Более обоснованным выглядит предположение, что мнение таких людей как Ф. В. Ростопчин (в 1798 году генерал-адъютант и генерал-лейтенант), но особенно князь А. А. Безбородко сыграли важную роль. Были какие-то и другие ходатаи, но их имена не столь значимы. Атмосфера придворного «восхищения» не могла не повлиять на настроения Императора, которые передал в своих воспоминаниях барон К.А. Гейкинг.
«Однажды Павел, находившийся в небольшом кружке приближенных, выразился так: “Странно! Никогда я не слыхал, чтобы о ком-либо говорили так много хорошего, как о Палене. Я, значит, довольно ложно судил о нем и должен эту несправедливость поправить”».
Дорога к власти для Палена была открыта. Он смог обаять Императора своим усердием, исполнительностью, беспрекословным послушанием. Но вместе с тем он сумел использовать в своих интересах то качество, которое так всегда высоко оценивал Павел Петрович: прямоту суждений и критическую самооценку. Конечно, как показало дальнейшее, все это было тонко рассчитанной и талантливой игрой. Пален клялся собственной жизнью служить Императору до последнего земного вздоха, но многие месяцы не просто грезил, но деятельно подготовлял его убийство…
В какой степени Лопухины, и в первую очередь Анна Петровна, были вовлечены в антипавловскую деятельность? Была ли возлюбленная Императора рупором его врагов и была ли она осведомлена о подготовке заговора? Совершенно точно известно, что сенатор, а затем обер-прокурор Сената князь Петр Васильевич в подобной деятельности не участвовал и вообще сторонился придворных интриг. В 1799 году он попросился в отставку, получил ее и отбыл на жительство в Москву. Что же касается его дочери, то здесь столь однозначный ответ дать невозможно.

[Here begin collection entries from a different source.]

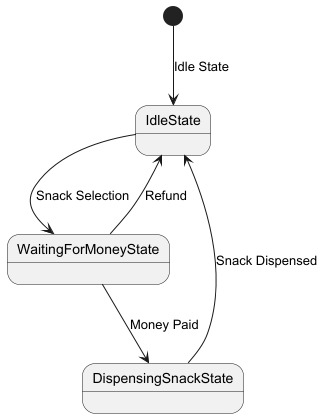

The diagram above was rendered by PlantUML. Its source (embedded in the PNG):
@startuml
[*] --> IdleState : Idle State
IdleState --> WaitingForMoneyState : Snack Selection
WaitingForMoneyState --> DispensingSnackState : Money Paid
DispensingSnackState --> IdleState : Snack Dispensed
WaitingForMoneyState --> IdleState : Refund
@enduml

Доподлинно известно, что Анна Гагарина, сохраняя звание камер-фрейлины, имела свои апартаменты в Михайловском замке, куда из покоев Императора вела потайная дверь. Все последние недели жизни Павла Петровича, связанные с Михайловским замком, Анна Петровна провела в непосредственной близости от Императора. Ежедневно, ровно в 10 часов вечера после окончания вечерних трапез в замке, Император посещал Гагарину и проводил у нее ровно час, а в 11 часов отправлялся спать. Известно также, что сразу же после убийства, на следующий день, т. е. 12 марта 1801 года, княгиня Гагарина выехала из Михайловского замка и вскоре отбыла за границу. Больше в России она не бывала и умерла в Вене в возрасте 28 лет, в 1805 году, от послеродовой горячки[45].
Существует одно свидетельство, косвенно подтверждающее если и не прямое участие Анны Лопухиной-Гагариной в заговоре, то определенно – ее осведомленность о его наличии. Оно принадлежит принцу Евгению Вюртембергскому (1788–1858) – племяннику Императрицы Марии Федоровны. По приглашению Императора Павла тринадцатилетний принц Евгений 6 февраля 1801 года прибыл в Петербург, где Павел Петрович оказал ему самые сердечные знаки внимания. Пошли даже разговоры о том, что Павел Петрович хочет «усыновить» Евгения, а остальных членов семьи «заточить в темницу».